Two of my microk8s clusters running version 1.21 just stopped working.
kubectl locally returns The connection to the server 127.0.0.1:16443 was refused - did you specify the right host or port?
microk8s.status says not running, and microk8s.inspect just checks four services:
Inspecting services
Service snap.microk8s.daemon-cluster-agent is running
Service snap.microk8s.daemon-containerd is running
Service snap.microk8s.daemon-apiserver-kicker is running
Service snap.microk8s.daemon-kubelite is running
Apiserver not mentioned, and it's not running (checking status for that separately says "Will not run along with kubelite")
I didn't change anything on any of the machines.
I tried upgrading microk8s to 1.22 - no change.
journal.log for apiserver says:
Oct 18 07:57:05 myserver microk8s.daemon-kubelite[30037]: I1018 07:57:05.143264 30037 daemon.go:65] Starting API Server
Oct 18 07:57:05 myserver microk8s.daemon-kubelite[30037]: Flag --insecure-port has been deprecated, This flag has no effect now and will be removed in v1.24.
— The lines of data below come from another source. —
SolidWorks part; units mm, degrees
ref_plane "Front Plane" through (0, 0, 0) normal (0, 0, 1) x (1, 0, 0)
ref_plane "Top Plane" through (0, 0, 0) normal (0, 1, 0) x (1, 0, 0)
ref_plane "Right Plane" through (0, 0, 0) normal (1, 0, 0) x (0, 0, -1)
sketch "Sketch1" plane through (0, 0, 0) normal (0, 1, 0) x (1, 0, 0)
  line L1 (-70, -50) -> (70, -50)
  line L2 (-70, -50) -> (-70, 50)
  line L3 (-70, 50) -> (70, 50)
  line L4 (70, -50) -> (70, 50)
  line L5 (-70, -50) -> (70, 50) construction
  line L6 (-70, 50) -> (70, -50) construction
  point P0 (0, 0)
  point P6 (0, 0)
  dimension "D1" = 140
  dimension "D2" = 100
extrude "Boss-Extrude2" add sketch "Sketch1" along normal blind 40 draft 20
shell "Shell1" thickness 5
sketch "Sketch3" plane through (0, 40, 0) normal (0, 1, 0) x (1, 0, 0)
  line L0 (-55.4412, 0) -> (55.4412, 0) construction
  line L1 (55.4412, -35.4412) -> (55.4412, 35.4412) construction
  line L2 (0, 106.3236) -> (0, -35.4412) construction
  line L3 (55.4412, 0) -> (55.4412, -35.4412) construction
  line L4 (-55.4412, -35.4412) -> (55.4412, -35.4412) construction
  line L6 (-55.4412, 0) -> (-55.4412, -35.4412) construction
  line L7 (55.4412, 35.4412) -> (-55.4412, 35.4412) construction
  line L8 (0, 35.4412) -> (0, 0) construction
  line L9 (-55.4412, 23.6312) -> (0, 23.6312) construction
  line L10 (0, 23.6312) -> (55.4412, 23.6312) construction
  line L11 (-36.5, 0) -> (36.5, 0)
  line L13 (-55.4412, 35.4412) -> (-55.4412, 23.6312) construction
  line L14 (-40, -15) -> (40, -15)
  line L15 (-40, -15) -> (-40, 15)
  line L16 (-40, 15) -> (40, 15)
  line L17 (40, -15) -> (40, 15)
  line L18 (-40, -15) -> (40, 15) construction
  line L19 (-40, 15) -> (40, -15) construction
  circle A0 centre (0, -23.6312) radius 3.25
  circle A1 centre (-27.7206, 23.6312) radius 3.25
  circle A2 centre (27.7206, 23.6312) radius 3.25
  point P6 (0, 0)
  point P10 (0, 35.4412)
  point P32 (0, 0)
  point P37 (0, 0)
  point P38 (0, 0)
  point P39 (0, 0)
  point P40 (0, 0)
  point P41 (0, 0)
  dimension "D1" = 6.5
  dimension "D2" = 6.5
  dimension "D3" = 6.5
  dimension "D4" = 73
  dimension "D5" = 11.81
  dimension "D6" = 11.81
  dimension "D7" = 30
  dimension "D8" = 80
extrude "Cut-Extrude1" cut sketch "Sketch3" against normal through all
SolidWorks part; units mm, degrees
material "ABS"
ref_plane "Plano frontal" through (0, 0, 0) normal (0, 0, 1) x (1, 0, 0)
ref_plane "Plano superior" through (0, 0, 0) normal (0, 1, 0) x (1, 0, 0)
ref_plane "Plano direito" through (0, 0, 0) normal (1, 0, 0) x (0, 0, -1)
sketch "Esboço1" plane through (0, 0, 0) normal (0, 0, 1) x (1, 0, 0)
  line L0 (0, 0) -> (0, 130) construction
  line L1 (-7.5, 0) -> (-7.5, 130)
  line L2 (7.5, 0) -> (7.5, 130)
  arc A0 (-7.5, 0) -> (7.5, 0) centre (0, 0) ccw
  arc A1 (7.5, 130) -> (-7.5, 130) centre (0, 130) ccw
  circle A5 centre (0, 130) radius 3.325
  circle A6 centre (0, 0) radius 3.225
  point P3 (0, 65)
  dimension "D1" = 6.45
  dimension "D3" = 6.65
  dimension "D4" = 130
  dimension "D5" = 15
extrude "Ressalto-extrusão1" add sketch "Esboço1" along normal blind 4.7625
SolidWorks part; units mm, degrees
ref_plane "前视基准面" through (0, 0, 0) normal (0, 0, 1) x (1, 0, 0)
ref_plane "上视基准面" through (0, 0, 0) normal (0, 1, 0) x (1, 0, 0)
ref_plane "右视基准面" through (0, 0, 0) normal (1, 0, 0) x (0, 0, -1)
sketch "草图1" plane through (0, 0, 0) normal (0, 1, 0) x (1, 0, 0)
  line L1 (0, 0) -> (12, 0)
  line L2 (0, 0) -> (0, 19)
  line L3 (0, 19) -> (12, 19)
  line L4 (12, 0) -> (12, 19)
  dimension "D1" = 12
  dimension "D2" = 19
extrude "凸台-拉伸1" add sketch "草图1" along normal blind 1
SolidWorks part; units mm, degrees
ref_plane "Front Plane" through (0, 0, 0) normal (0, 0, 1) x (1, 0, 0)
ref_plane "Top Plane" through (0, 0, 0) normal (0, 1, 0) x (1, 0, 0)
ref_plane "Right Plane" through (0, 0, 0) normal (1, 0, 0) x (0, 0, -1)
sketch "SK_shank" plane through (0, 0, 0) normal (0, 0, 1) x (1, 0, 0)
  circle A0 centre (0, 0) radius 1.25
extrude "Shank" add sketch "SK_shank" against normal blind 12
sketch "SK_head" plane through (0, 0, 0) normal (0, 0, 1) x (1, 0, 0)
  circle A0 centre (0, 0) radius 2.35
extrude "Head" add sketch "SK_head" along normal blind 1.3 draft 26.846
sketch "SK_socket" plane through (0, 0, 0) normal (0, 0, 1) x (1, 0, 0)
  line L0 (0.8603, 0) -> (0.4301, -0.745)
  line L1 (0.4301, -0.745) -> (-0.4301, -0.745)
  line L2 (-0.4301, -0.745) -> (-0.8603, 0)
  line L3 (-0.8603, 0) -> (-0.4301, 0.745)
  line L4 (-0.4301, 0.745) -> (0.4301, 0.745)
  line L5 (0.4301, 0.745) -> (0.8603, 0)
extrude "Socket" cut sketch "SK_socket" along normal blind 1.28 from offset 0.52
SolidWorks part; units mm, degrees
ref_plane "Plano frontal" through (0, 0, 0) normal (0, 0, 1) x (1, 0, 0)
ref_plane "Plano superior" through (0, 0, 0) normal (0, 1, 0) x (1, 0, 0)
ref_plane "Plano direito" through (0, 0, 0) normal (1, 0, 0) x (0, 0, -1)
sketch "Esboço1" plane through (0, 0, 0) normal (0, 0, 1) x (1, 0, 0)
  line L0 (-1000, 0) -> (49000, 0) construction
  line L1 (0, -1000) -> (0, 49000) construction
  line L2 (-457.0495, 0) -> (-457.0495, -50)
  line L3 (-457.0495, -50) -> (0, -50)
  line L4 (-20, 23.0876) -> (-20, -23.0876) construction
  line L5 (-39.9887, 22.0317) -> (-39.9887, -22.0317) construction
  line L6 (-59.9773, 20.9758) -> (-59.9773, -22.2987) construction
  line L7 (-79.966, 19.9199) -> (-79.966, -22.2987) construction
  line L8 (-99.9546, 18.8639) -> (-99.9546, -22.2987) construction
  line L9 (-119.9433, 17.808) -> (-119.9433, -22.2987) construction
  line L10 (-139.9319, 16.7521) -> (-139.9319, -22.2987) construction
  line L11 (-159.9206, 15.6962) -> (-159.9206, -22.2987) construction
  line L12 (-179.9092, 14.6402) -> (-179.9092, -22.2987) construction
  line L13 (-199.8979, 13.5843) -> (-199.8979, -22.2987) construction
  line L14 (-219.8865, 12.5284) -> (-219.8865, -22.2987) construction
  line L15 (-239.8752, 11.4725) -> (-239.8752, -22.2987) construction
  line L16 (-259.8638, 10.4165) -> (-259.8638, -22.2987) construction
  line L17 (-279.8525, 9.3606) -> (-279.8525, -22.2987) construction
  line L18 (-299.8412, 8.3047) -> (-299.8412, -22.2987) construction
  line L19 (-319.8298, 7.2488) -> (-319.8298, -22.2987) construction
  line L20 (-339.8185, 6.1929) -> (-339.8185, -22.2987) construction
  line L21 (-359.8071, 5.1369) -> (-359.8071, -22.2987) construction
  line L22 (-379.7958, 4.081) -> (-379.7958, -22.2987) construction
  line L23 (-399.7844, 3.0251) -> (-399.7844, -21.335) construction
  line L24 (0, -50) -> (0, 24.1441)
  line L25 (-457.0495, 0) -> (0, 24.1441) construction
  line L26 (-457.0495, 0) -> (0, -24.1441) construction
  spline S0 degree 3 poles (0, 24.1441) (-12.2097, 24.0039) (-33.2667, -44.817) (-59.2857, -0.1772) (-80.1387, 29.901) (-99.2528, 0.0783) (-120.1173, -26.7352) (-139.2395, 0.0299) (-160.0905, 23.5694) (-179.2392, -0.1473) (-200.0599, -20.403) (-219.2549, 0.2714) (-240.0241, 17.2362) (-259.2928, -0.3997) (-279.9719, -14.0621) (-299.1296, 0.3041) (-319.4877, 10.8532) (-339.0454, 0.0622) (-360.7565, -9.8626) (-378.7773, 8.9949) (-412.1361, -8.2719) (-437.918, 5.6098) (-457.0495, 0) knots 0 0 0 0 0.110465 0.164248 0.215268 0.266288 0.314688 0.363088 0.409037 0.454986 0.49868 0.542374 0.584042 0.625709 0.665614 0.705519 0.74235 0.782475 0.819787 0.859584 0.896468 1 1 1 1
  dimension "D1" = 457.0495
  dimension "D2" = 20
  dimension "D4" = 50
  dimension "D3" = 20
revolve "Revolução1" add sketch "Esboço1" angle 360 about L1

Oct 18 07:57:05 myserver microk8s.daemon-kubelite[30037]: I1018 07:57:05.144650 30037 server.go:654] external host was not specified, using 192.168.1.10
Oct 18 07:57:05 myserver microk8s.daemon-kubelite[30037]: W1018 07:57:05.144719 30037 authentication.go:507] AnonymousAuth is not allowed with the AlwaysAllow authorizer. Resetting AnonymousAuth to false. You should use a different authorizer
snap services:
Service Startup Current Notes
microk8s.daemon-apiserver enabled inactive -
microk8s.daemon-apiserver-kicker enabled active -
microk8s.daemon-cluster-agent enabled active -
microk8s.daemon-containerd enabled active -
microk8s.daemon-control-plane-kicker enabled inactive -
microk8s.daemon-controller-manager enabled inactive -
microk8s.daemon-etcd enabled inactive -
microk8s.daemon-flanneld enabled inactive -
microk8s.daemon-kubelet enabled inactive -
microk8s.daemon-kubelite enabled active -
microk8s.daemon-proxy enabled inactive -
microk8s.daemon-scheduler enabled inactive -
It's not this (https://github.com/ubuntu/microk8s/issues/2486), both info.yaml and cluster.yaml have the correct contents.
All machines are virtual Ubuntus running in Hyper-V in a Windows Server cluster.
Turns out there were two different problems in the cluster, and that I hadn't changed anything was not entirely true.
cluster.yaml was not correct, it was empty. Copying the contents of localnode.yaml to cluster.yaml fixed the problem.
One node had gone offline (microk8s not running) due to a stuck unsuccessful auto-refresh of the microk8s snap.
I had temporarily shut down one node for a couple of days. That left only one node to hold the vote on master for dqlite, which failed. When the shut down node was turned back on the cluster had already failed. Unsticking the auto-refresh on the third node fixed the cluster.